Main Article Content
Abstract
Purpose of study: Bacteria can naturally produce pigments that can be useful for various applications as they possess antimicrobial metabolites among other numerous benefits towards the human health. This study was carried out to identify the species of marine bacterial isolates PMA, PM3C1 and PM5C1 exhibiting yellow, orange and green colors respectively.
Methodology: The current study is using Polymerase Chain Reaction (PCR) amplification and sequence analysis of their 16S rRNA gene. The stability of pigments extracted from the bacterial samples was also analyzed against different temperature and light conditions.

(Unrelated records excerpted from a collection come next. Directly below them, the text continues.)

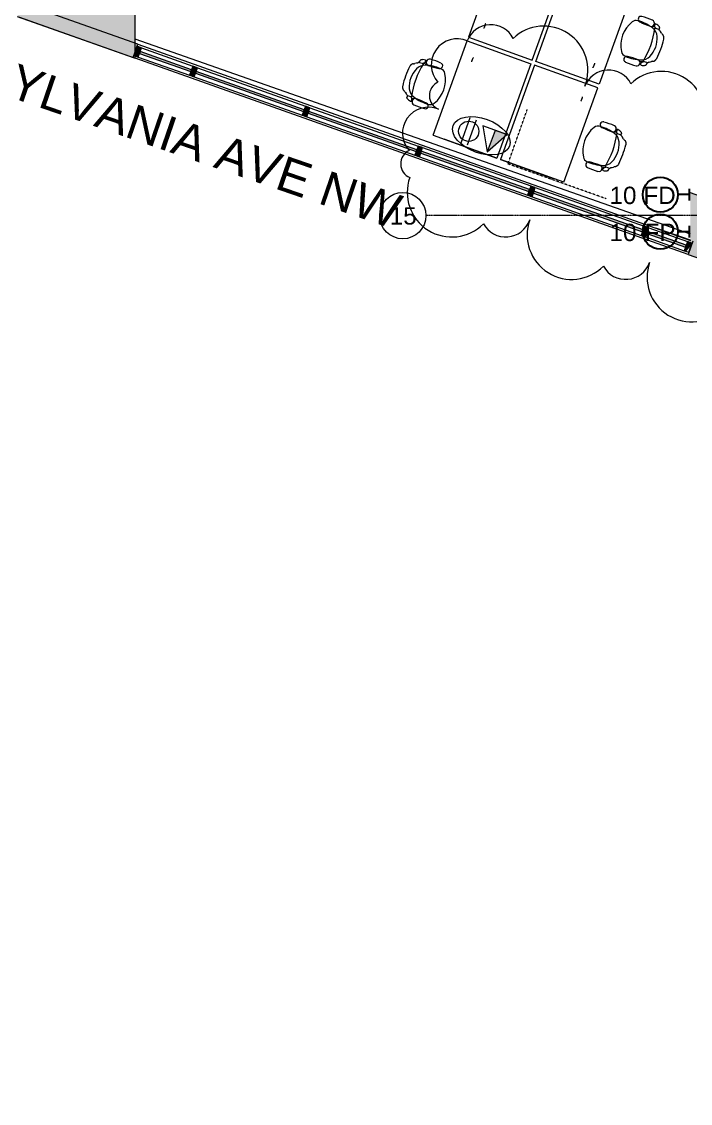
# Model space of a CAD drawing. Header units: inches. Extents: x -2349 to 1043, y -456 to 2193.
# Drawn here: x -589 to -242, y -453 to 107 of the extents above; entities that cross this region are included whole.
import ezdxf

# ---------------------------------------------------------------- set-up
doc = ezdxf.new("R2010")
doc.units = ezdxf.units.IN
doc.header["$MEASUREMENT"] = 0
doc.linetypes.add('Dash 1_16_', pattern=[0.125, 0.0625, -0.0625])
doc.linetypes.add('Grid Line 1_2_', pattern=[0.875, 0.5, -0.125, 0.125, -0.125])
for name, color, linetype, lineweight in [('5033_00_7th-9th Floors_Updated_dwg', 8, 'Continuous', 9), ('A-ANNO-NOTE', 131, 'Continuous', 30), ('A-COLS', 52, 'Continuous', 13), ('A-DETL-THIN', 151, 'Continuous', 9), ('A-GLAZ-CURT', 52, 'Continuous', 13), ('A-GLAZ-CWMG', 51, 'Continuous', 13), ('A-WALL-PATT', 111, 'Continuous', 13), ('COLUMN', 7, 'Continuous', 9), ('G-ANNO-REVC', 71, 'Continuous', 9), ('G-ANNO-TEXT', 231, 'Continuous', 9), ('GLAZ EXIST2', 7, 'Continuous', 9), ('I-FURN', 30, 'Continuous', 9), ('I-WALL', 2, 'Continuous', 13), ('S-GRID', 1, 'Continuous', 9), ('S-GRID-IDEN', 1, 'Continuous', 9)]:
    doc.layers.add(name, color=color, linetype=linetype, lineweight=lineweight)
doc.styles.add('Swis721 Lt BT', font='swissl.ttf', dxfattribs={"height": 9})
doc.styles.add('Swis721 Lt BT_1', font='swissl.ttf', dxfattribs={"height": 18})

# ---------------------------------------------------------------- blocks, each defined once
blk = doc.blocks.new('5033_00_7th-9th Floors_Updated_dwg_column casing-V24-7TH FLOOR POWER _ SIGNAL')
at = {"layer": 'COLUMN'}
blk.add_line((-1397.06, -232.99), (-1457.08, -211.6), dxfattribs=at)
blk = doc.blocks.new('5033_00_7th-9th Floors_Updated_dwg-8585573-7TH FLOOR POWER _ SIGNAL')
at = {"layer": 'GLAZ EXIST2'}
for p, q in [((-242.02, -182.85), (-530, -81.83)), ((-242.02, -186.03), (-259.91, -179.76)), ((-244.18, -185.33), (-244.16, -185.28))]:
    blk.add_line(p, q, dxfattribs=at)
blk.add_blockref('5033_00_7th-9th Floors_Updated_dwg_column casing-V24-7TH FLOOR POWER _ SIGNAL', (1215.06, 50.06))
blk.add_blockref('5033_00_7th-9th Floors_Updated_dwg_column casing-V24-7TH FLOOR POWER _ SIGNAL', (1215.06, 50.06))
blk = doc.blocks.new('Columns 1 - Columns 1-7118049-7TH FLOOR POWER _ SIGNAL')
at = {"layer": 'A-COLS', "lineweight": 9}
h = blk.add_hatch(color=7, dxfattribs=at)
h.paths.add_polyline_path([(862, -405.11), (861.98, -372.97), (801.98, -351.58), (801.98, -383.71), (861.95, -405.09)], flags=0)
h.paths.add_polyline_path([(994.48, -377), (1004.95, -376.98), (1004.95, -365), (986.95, -365), (986.95, -377), (993.97, -377)], flags=0)
h.paths.add_polyline_path([(514, -281.76), (514, -249.63), (453.98, -228.24), (453.98, -260.37), (513.95, -281.74)], flags=0)
h.paths.add_polyline_path([(166, -158.41), (166, -126.28), (105.98, -104.89), (105.98, -137.02), (165.95, -158.39)], flags=0)
h.paths.add_polyline_path([(-182, -35.06), (-182, -2.93), (-242.02, 18.46), (-242.02, -13.67), (-182.05, -35.04)], flags=0)
h.paths.add_polyline_path([(-1982.09, 88.27), (-1922.03, 109.69), (-1922.03, 140.32), (-1982.09, 118.92), (-1982.06, 97), (-1976.88, 98.83), (-1974.21, 91.29), (-1982.09, 88.5), (-1982.09, 88.41)], flags=0)
h.paths.add_polyline_path([(-530, 88.28), (-530, 120.42), (-590.02, 141.81), (-590.02, 109.68), (-530.05, 88.3)], flags=0)
h.paths.add_polyline_path([(843.95, 109), (843.91, 133), (819.95, 133), (819.95, 109), (840.1, 109)], flags=0)
h.paths.add_polyline_path([(1000.37, 115), (1004.95, 115.02), (1004.95, 127), (986.95, 127), (986.95, 115), (998.45, 115)], flags=0)
h.paths.add_polyline_path([(-1634.06, 211.7), (-1574.03, 233.05), (-1574.03, 264.36), (-1634.06, 242.96), (-1634.06, 211.72)], flags=0)
h.paths.add_polyline_path([(-878.47, 211.8), (-878.47, 243.93), (-938.5, 265.32), (-938.5, 233.19), (-878.52, 211.82)], flags=0)
h.paths.add_polyline_path([(495.95, 232), (495.95, 256), (472.03, 256), (472.03, 232), (492.75, 232)], flags=0)
h.paths.add_polyline_path([(-1286.05, 334.98), (-1268.05, 341.39), (-1268.05, 345.6), (-1256.05, 349.87), (-1244.05, 345.6), (-1244.05, 341.38), (-1226.05, 335.02), (-1226.06, 367), (-1256.05, 377.69), (-1286.05, 367), (-1286.05, 334.99)], flags=0)
h.paths.add_polyline_path([(-2021.16, 351.64), (-2013.01, 374.21), (-2035.58, 382.36), (-2043.73, 359.79), (-2041.62, 359.02)], flags=0)
h.paths.add_polyline_path([(-207.74, 478), (-200.03, 478), (-200.03, 502), (-219.79, 502), (-224.03, 490.27), (-224.03, 478), (-208.32, 478)], flags=0)
h.paths.add_polyline_path([(-224.03, 501.32), (-223.78, 502), (-224.03, 502)], flags=0)
h.paths.add_polyline_path([(-549.3, 601), (-548.03, 601), (-548.03, 625), (-569.15, 625), (-572.03, 617.05), (-572.03, 601), (-556.09, 601)], flags=0)
h.paths.add_polyline_path([(496.2, 601), (496.2, 625), (472.2, 625), (472.2, 601), (492.75, 601)], flags=0)
h.paths.add_polyline_path([(831.97, 601.06), (843.95, 601.08), (843.91, 625.06), (819.95, 625.06), (819.95, 601.06), (831.95, 601.06)], flags=0)
h.paths.add_polyline_path([(999.15, 607.06), (1004.95, 607.08), (1004.95, 619.06), (986.95, 619.06), (986.95, 607.06), (998.45, 607.06)], flags=0)
h.paths.add_polyline_path([(-1887.92, 720.64), (-1879.77, 743.21), (-1902.34, 751.36), (-1910.49, 728.79), (-1899.81, 724.93)], flags=0)
h.paths.add_polyline_path([(-910.74, 724), (-896.03, 724), (-896.03, 748), (-920.67, 748), (-920.67, 724), (-911.68, 724)], flags=0)
h.paths.add_polyline_path([(-1616.03, 724), (-1592.03, 724), (-1592.03, 748), (-1616.03, 748), (-1616.03, 731.5)], flags=0)
h.paths.add_polyline_path([(-1843.5, 843.64), (-1835.35, 866.21), (-1857.93, 874.36), (-1866.08, 851.79), (-1845.61, 844.39)], flags=0)
h.paths.add_polyline_path([(492.75, 847), (496.2, 847), (496.2, 871), (472.2, 871), (472.2, 847), (479.89, 847)], flags=0)
h.paths.add_polyline_path([(-1574.05, 847), (-1574.06, 871), (-1616.19, 871), (-1616.19, 847), (-1576.33, 847)], flags=0)
h.paths.add_polyline_path([(-1268.03, 847.03), (-1243.86, 847.03), (-1243.86, 871), (-1268.03, 871), (-1268.03, 863.81)], flags=0)
h.paths.add_polyline_path([(843.95, 1093), (843.91, 1117), (819.95, 1117), (819.95, 1093), (840.1, 1093)], flags=0)
h.paths.add_polyline_path([(482.08, 1093), (495.95, 1093), (495.95, 1117), (471.83, 1117), (471.83, 1093), (481.27, 1093)], flags=0)
h.paths.add_polyline_path([(-1259.55, 1093.21), (-1244.3, 1093.21), (-1244.3, 1117.25), (-1268.29, 1117.25), (-1268.29, 1093.21), (-1268.07, 1093.21)], flags=0)
h.paths.add_polyline_path([(-1607.55, 1093.21), (-1592.35, 1093.21), (-1592.35, 1117.25), (-1616.3, 1117.25), (-1616.3, 1093.21), (-1616.07, 1093.21)], flags=0)
h.paths.add_polyline_path([(993.95, 1099), (1004.95, 1099.02), (1004.95, 1111), (986.95, 1111), (986.95, 1099), (993.94, 1099)], flags=0)
h.paths.add_polyline_path([(-1594.42, 1339.25), (-1592.3, 1339.25), (-1592.3, 1363.25), (-1616.3, 1363.25), (-1616.3, 1339.25), (-1600.55, 1339.25)], flags=0)
h.paths.add_polyline_path([(-1268.3, 1339.25), (-1244.3, 1339.25), (-1244.3, 1363.25), (-1268.3, 1363.25), (-1268.3, 1343.02)], flags=0)
h.paths.add_polyline_path([(471.95, 1462.86), (495.95, 1462.86), (495.95, 1486.86), (471.95, 1486.86)], flags=0)
h.paths.add_polyline_path([(801.95, 1567), (861.95, 1588.4), (861.95, 1619.14), (850.07, 1619.14), (850, 1619.04), (849.95, 1619.16), (849.95, 1622.86), (801.95, 1605.75), (801.95, 1567.02)], flags=0)
h.paths.add_polyline_path([(-1592.05, 1585.02), (-1592.05, 1609.02), (-1616.05, 1609.02), (-1616.05, 1585.02)], flags=0)
h.paths.add_polyline_path([(-1244.3, 1585.27), (-1244.3, 1609.27), (-1268.3, 1609.27), (-1268.3, 1585.27)], flags=0)
h.paths.add_polyline_path([(-1678.05, 1731.02), (-1654.55, 1731.02), (-1654.55, 1776.02), (-1678.05, 1776.02), (-1678.05, 1772.52), (-1658.05, 1772.52), (-1658.05, 1734.52), (-1678.05, 1734.52)], flags=0)
h.paths.add_polyline_path([(-921.05, 1827.02), (-895.05, 1827.02), (-895.05, 1853.02), (-921.05, 1853.02), (-921.05, 1827.76)], flags=0)
h.paths.add_polyline_path([(496.95, 1827.02), (496.95, 1853.02), (470.95, 1853.02), (470.95, 1827.02), (492.75, 1827.02)], flags=0)
h.paths.add_polyline_path([(148.95, 1827.02), (148.95, 1853.02), (122.95, 1853.02), (122.95, 1827.02), (145.4, 1827.02)], flags=0)
h.paths.add_polyline_path([(-559.8, 1827.02), (-547.04, 1827.02), (-547.04, 1853.02), (-573.04, 1853.02), (-573.04, 1827.02), (-560.05, 1827.02)], flags=0)
h.paths.add_polyline_path([(-214.73, 1827.04), (-199.03, 1827.04), (-199.03, 1853.03), (-225.05, 1853.03), (-225.05, 1827.04), (-214.81, 1827.04)], flags=0)
h.paths.add_polyline_path([(-1604.86, 1828.27), (-1592.3, 1828.27), (-1592.3, 1852.27), (-1600.05, 1852.27), (-1600.05, 2104.82), (-1574.05, 2104.82), (-1574.05, 2138.82), (-1608.05, 2138.82), (-1608.05, 1852.27), (-1616.3, 1852.27), (-1616.3, 1828.27), (-1605.11, 1828.27)], flags=0)
h.paths.add_polyline_path([(-1246.45, 1828.27), (-1244.3, 1828.27), (-1244.3, 1852.27), (-1268.3, 1852.27), (-1268.3, 1828.27), (-1252.55, 1828.27)], flags=0)
h.paths.add_polyline_path([(-1629.95, 1836.02), (-1620.8, 1836.02), (-1620.8, 1844.02), (-1678.05, 1844.02), (-1678.05, 1836.02)], flags=0)
h.paths.add_polyline_path([(861.95, 2100.07), (861.95, 2138.82), (801.95, 2138.82), (801.95, 2110.02), (831.95, 2110.02), (831.95, 2100.07), (853.95, 2100.07)], flags=0)
h.paths.add_polyline_path([(-878.05, 2104.79), (-878.05, 2138.82), (-938.13, 2138.82), (-938.13, 2104.79)], flags=0)
h.paths.add_polyline_path([(-1225.94, 2104.81), (-1225.94, 2138.82), (-1286.03, 2138.82), (-1286.03, 2104.81)], flags=0)
h.paths.add_polyline_path([(165.96, 2104.82), (165.96, 2138.82), (105.95, 2138.82), (105.95, 2104.82)], flags=0)
h.paths.add_polyline_path([(454.05, 2104.82), (513.95, 2104.82), (513.95, 2138.82), (454.05, 2138.82)], flags=0)
h.paths.add_polyline_path([(-590.05, 2104.82), (-530.05, 2104.82), (-530.05, 2138.82), (-590.05, 2138.82)], flags=0)
h.paths.add_polyline_path([(-181.82, 2104.82), (-181.82, 2138.82), (-242.05, 2138.82), (-242.05, 2104.82), (-189.08, 2104.82)], flags=0)
at = {"layer": 'A-COLS', "color": 8, "lineweight": 20}
for p, q in [((-530, 88.28), (-530, 120.42)), ((-590.02, 109.68), (-530, 88.28))]:
    blk.add_line(p, q, dxfattribs=at)
blk = doc.blocks.new('System Panel - Glazed-7506654-7TH FLOOR POWER _ SIGNAL')
at = {"layer": 'A-GLAZ-CURT', "lineweight": 9}
blk.add_hatch(color=7, dxfattribs=at).paths.add_polyline_path([(-10.63, 0.5), (-10.63, -0.5), (10.62, -0.5), (10.62, 0.5), (4.51, 0.5)], flags=0)
at = {"layer": 'A-GLAZ-CURT', "color": 8, "lineweight": 20}
for p, q in [((10.62, 0.5), (-10.63, 0.5)), ((-10.63, 0.5), (-10.63, -0.5)), ((10.62, -0.5), (10.62, 0.5)), ((-10.63, -0.5), (10.62, -0.5))]:
    blk.add_line(p, q, dxfattribs=at)
blk = doc.blocks.new('System Panel - Glazed-7506668-7TH FLOOR POWER _ SIGNAL')
at = {"layer": 'A-GLAZ-CURT', "lineweight": 9}
blk.add_hatch(color=7, dxfattribs=at).paths.add_polyline_path([(-14.12, 0.5), (-14.12, -0.5), (14.13, -0.5), (14.13, 0.5), (6.49, 0.5)], flags=0)
at = {"layer": 'A-GLAZ-CURT', "color": 8, "lineweight": 20}
for p, q in [((14.13, 0.5), (-14.12, 0.5)), ((-14.12, 0.5), (-14.12, -0.5)), ((14.13, -0.5), (14.13, 0.5)), ((-14.12, -0.5), (14.13, -0.5))]:
    blk.add_line(p, q, dxfattribs=at)
blk = doc.blocks.new('System Panel - Glazed-7344735-7TH FLOOR POWER _ SIGNAL')
at = {"layer": 'A-GLAZ-CURT', "lineweight": 9}
blk.add_hatch(color=7, dxfattribs=at).paths.add_polyline_path([(-29.75, -0.5), (29.75, -0.5), (29.75, 0.5), (-29.75, 0.5)], flags=0)
at = {"layer": 'A-GLAZ-CURT', "color": 8, "lineweight": 20}
for p, q in [((29.75, 0.5), (-29.75, 0.5)), ((-29.75, 0.5), (-29.75, -0.5)), ((29.75, -0.5), (29.75, 0.5)), ((-29.75, -0.5), (29.75, -0.5))]:
    blk.add_line(p, q, dxfattribs=at)
blk = doc.blocks.new('System Panel - Glazed-7506662-7TH FLOOR POWER _ SIGNAL')
at = {"layer": 'A-GLAZ-CURT', "lineweight": 9}
blk.add_hatch(color=7, dxfattribs=at).paths.add_polyline_path([(-30.01, 0.5), (-30.01, -0.5), (30.01, -0.5), (30.01, 0.5), (-3.41, 0.5)], flags=0)
at = {"layer": 'A-GLAZ-CURT', "color": 8, "lineweight": 20}
for p, q in [((30.01, 0.5), (-30.01, 0.5)), ((-30.01, 0.5), (-30.01, -0.5)), ((30.01, -0.5), (30.01, 0.5)), ((-30.01, -0.5), (30.01, -0.5))]:
    blk.add_line(p, q, dxfattribs=at)
blk = doc.blocks.new('Rectangular Mullion - 2_5_ x 5_ rectangular-7504807-7TH FLOOR POWER _ SIGNAL')
at = {"layer": 'A-GLAZ-CWMG', "lineweight": 9}
blk.add_hatch(color=7, dxfattribs=at).paths.add_polyline_path([(-2.5, 2.5), (-0.38, 2.5), (0, 1.41), (0, -2.5), (-2.5, -2.5), (-2.5, 0.5)], flags=0)
at = {"layer": 'A-GLAZ-CWMG', "color": 8, "lineweight": 20}
for p, q in [((-2.5, 2.5), (0, 2.5)), ((-2.5, -2.5), (-2.5, 2.5)), ((0, 2.5), (0, -2.5)), ((0, -2.5), (-2.5, -2.5))]:
    blk.add_line(p, q, dxfattribs=at)
blk = doc.blocks.new('Rectangular Mullion - 2_5_ x 5_ rectangular-7504802-7TH FLOOR POWER _ SIGNAL')
at = {"layer": 'A-GLAZ-CWMG', "lineweight": 9}
blk.add_hatch(color=7, dxfattribs=at).paths.add_polyline_path([(0, 2.5), (-2.5, 2.5), (-2.5, -2.5), (-1.39, -2.5), (0, 1.41)], flags=0)
at = {"layer": 'A-GLAZ-CWMG', "color": 8, "lineweight": 20}
for p, q in [((0, 2.5), (-2.5, 2.5)), ((-2.5, 2.5), (-2.5, -2.5)), ((0, -2.5), (0, 2.5)), ((-2.5, -2.5), (0, -2.5))]:
    blk.add_line(p, q, dxfattribs=at)
blk = doc.blocks.new('Rectangular Mullion - 2_5_ x 5_ rectangular-7506659-7TH FLOOR POWER _ SIGNAL')
at = {"layer": 'A-GLAZ-CWMG', "lineweight": 9}
for p, q in [((-322.51, 21.25), (-265.92, 1.19)), ((-324.18, 16.54), (-267.6, -3.52))]:
    blk.add_line(p, q, dxfattribs=at)
blk = doc.blocks.new('Rectangular Mullion - 2_5_ x 5_ rectangular-7344677-7TH FLOOR POWER _ SIGNAL')
at = {"layer": 'A-GLAZ-CWMG', "lineweight": 9}
for p, q in [((999.58, 1411.8), (999.58, 1352.3)), ((1004.58, 1411.8), (1004.58, 1352.3))]:
    blk.add_line(p, q, dxfattribs=at)
blk = doc.blocks.new('Rectangular Mullion - 2_5_ x 5_ rectangular-7506667-7TH FLOOR POWER _ SIGNAL')
at = {"layer": 'A-GLAZ-CWMG', "lineweight": 9}
for p, q in [((-526.8, 93.66), (-500.18, 84.22)), ((-528.47, 88.95), (-501.85, 79.51))]:
    blk.add_line(p, q, dxfattribs=at)
blk = doc.blocks.new('Rectangular Mullion - 2_5_ x 5_ rectangular-7506653-7TH FLOOR POWER _ SIGNAL')
at = {"layer": 'A-GLAZ-CWMG', "lineweight": 9}
for p, q in [((-263.57, 0.36), (-243.54, -6.74)), ((-265.24, -4.35), (-245.21, -11.45))]:
    blk.add_line(p, q, dxfattribs=at)
blk = doc.blocks.new('Rectangular Mullion - 2_5_ x 5_ rectangular-7344731-7TH FLOOR POWER _ SIGNAL')
at = {"layer": 'A-GLAZ-CWMG', "lineweight": 9}
blk.add_hatch(color=7, dxfattribs=at).paths.add_polyline_path([(-1.25, 0.5), (-1.25, 2.5), (1.25, 2.5), (1.25, -2.5), (-1.25, -2.5), (-1.25, -0.5)], flags=0)
at = {"layer": 'A-GLAZ-CWMG', "color": 8, "lineweight": 20}
for p, q in [((-1.25, 2.5), (1.25, 2.5)), ((-1.25, -2.5), (-1.25, 2.5)), ((1.25, 2.5), (1.25, -2.5)), ((1.25, -2.5), (-1.25, -2.5))]:
    blk.add_line(p, q, dxfattribs=at)
blk = doc.blocks.new('Steelcase - Ology - Desk Electric - Rectangular - 29__ D - 52_ x 35_-7821944-7TH FLOOR POWER _ SIGNAL')
at = {"layer": 'I-FURN'}
for p, q in [((-29, -23.78), (-29, 11.22)), ((23, 11.22), (-29, 11.22)), ((23, -23.78), (23, 11.22)), ((-29, -23.78), (23, -23.78))]:
    blk.add_line(p, q, dxfattribs=at)
blk = doc.blocks.new('Steelcase - Ology - Desk Electric - Base - Rectangular - 29__ D - 34__ W - 76__ W-7821946-7TH FLOOR POWER _ SIGNAL')
at = {"layer": 'I-FURN'}
for p, q in [((-28.68, 11.22), (-28.68, -17.78)), ((13.8, -17.79), (13.8, -17.83)), ((13.8, -17.83), (14.11, -17.9)), ((14.11, -17.9), (16.01, -17.9)), ((16.01, -17.9), (16.31, -17.83)), ((16.31, -17.83), (16.31, -17.79))]:
    blk.add_line(p, q, dxfattribs=at)
blk = doc.blocks.new('Steelcase - Seating - Series 1 - Task Chair - Task Chair-7826190-7TH FLOOR POWER _ SIGNAL')
at = {"layer": 'I-FURN'}
for p, q in [((-11.19, -5.22), (-11.25, -5.79)), ((-10.17, -2.55), (-10.38, -2.55)), ((-9.88, -5.14), (-9.56, -4.85)), ((-9.56, -4.85), (-9.71, -6.23)), ((-9.09, -2.55), (-9.22, -4.65)), ((9.09, -2.55), (9.09, -4.68)), ((9.2, -4.34), (9.09, -4.19)), ((9.88, -5.14), (9.56, -4.85)), ((9.56, -4.85), (9.71, -6.22)), ((10.17, -2.55), (10.38, -2.55)), ((11.19, -5.22), (11.25, -5.79))]:
    blk.add_line(p, q, dxfattribs=at)
for centre, radius, start, end in [((-2.85, -9.17), 7.99, 142.7486, 147.2514), ((-0.12, -48.46), 44.74, 78.1161, 101.7376), ((-3.05, -7.65), 6, 114.254, 162.1001), ((0, -14.41), 13.41, 65.746, 114.254), ((3.05, -7.65), 6, 17.8999, 65.746), ((2.85, -9.17), 7.99, 32.7486, 37.2514), ((22.73, -9.96), 35.4, 175.7229, 184.9987), ((-10.88, -7.44), 1.69, 4.2771, 175.7229), ((11.73, -12.42), 21.53, 162.1001, 184.2769), ((-61.01, -7.05), 51.82, 353.3109, 359.705), ((-12.1, -12.55), 21.92, 355.1341, 17.8999), ((10.88, -7.43), 1.68, 4.515, 180.2888), ((61.01, -7.18), 51.82, 180.2888, 186.6891), ((-22.73, -10.08), 35.4, 355.0013, 4.515), ((-11.04, -13.04), 1.5, 184.9987, 353.3109), ((-6.5, -14.17), 3.24, 177.4671, 238.7484), ((6.5, -14.16), 3.25, 301.2516, 355.7231), ((11.04, -13.04), 1.5, 186.6891, 355.0013), ((0, -3.46), 15.77, 238.7484, 301.2516)]:
    blk.add_arc(centre, radius, start, end, dxfattribs=at)
for centre, major_axis, ratio, start_param, end_param in [((-7.15, 5.5), (0.87, 6.2), 0.154562, 3.399732, 3.701416), ((0.01, -31.09), (37.17, 0.02), 0.886583, 1.427587, 1.713397), ((7.16, 5.51), (-0.87, 6.2), 0.154825, 2.582529, 2.883606), ((-9.53, -4.74), (0.03, 2.1), 0.841362, 1.08627, 1.703617), ((-10.94, -4.92), (-0.004, 0.422), 0.857374, 1.745249, 2.84774), ((-8.59, -6.34), (1.72, 5.94), 0.52706, 1.108678, 1.274239), ((-11.02, -3.62), (-0.99, 1.63), 0.718676, 2.427045, 3.274454), ((-9.88, -3.86), (0.31, 1.61), 0.651034, 0.76658, 1.051038), ((2.41, 4.34), (12.7, 6.86), 0.060387, 3.254097, 3.377177), ((14.26, 36.92), (23.61, 40.36), 0.024762, 2.883774, 2.945408), ((-4.52, 16.42), (4.45, 18.42), 0.085659, 3.22746, 3.341758), ((-4.27, 16.52), (4.71, 18.52), 0.083254, 3.342674, 3.400954), ((86.51, -0.26), (95.89, 4.54), 0.22439, 2.946156, 2.989179), ((-86.51, -0.11), (-95.89, 4.68), 0.223967, 3.294323, 3.337389), ((4.31, 16.54), (-4.67, 18.53), 0.08384, 2.882769, 2.961473), ((4.62, 16.47), (-4.35, 18.45), 0.086501, 2.96286, 3.053569), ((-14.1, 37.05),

Main Findings: Sequence alignment using BLAST revealed that the yellow, orange, and green-pigmented bacteria have 84% similarity with Staphylococcus aureus, 85% similarity with Exiguobacterium profundum and 95% similarity with Pseudomonas aeruginosa respectively. The green pigment showed major changes in color following exposure to sunlight and fluorescent light, and when incubated at 24°C and 50°C. Exposure to direct sunlight also results in the reduction of color for the yellow and orange extracts, while no effect was observed for both pigments under fluorescent light. Incubation at 50°C results in the reduction of the orange color, while the yellow pigment was observed to be unaffected suggesting its stability at high temperature.
Implications: Natural pigments production can provide many advantages including reduction of pollution generation, ease of disposal and other benefits to the human health.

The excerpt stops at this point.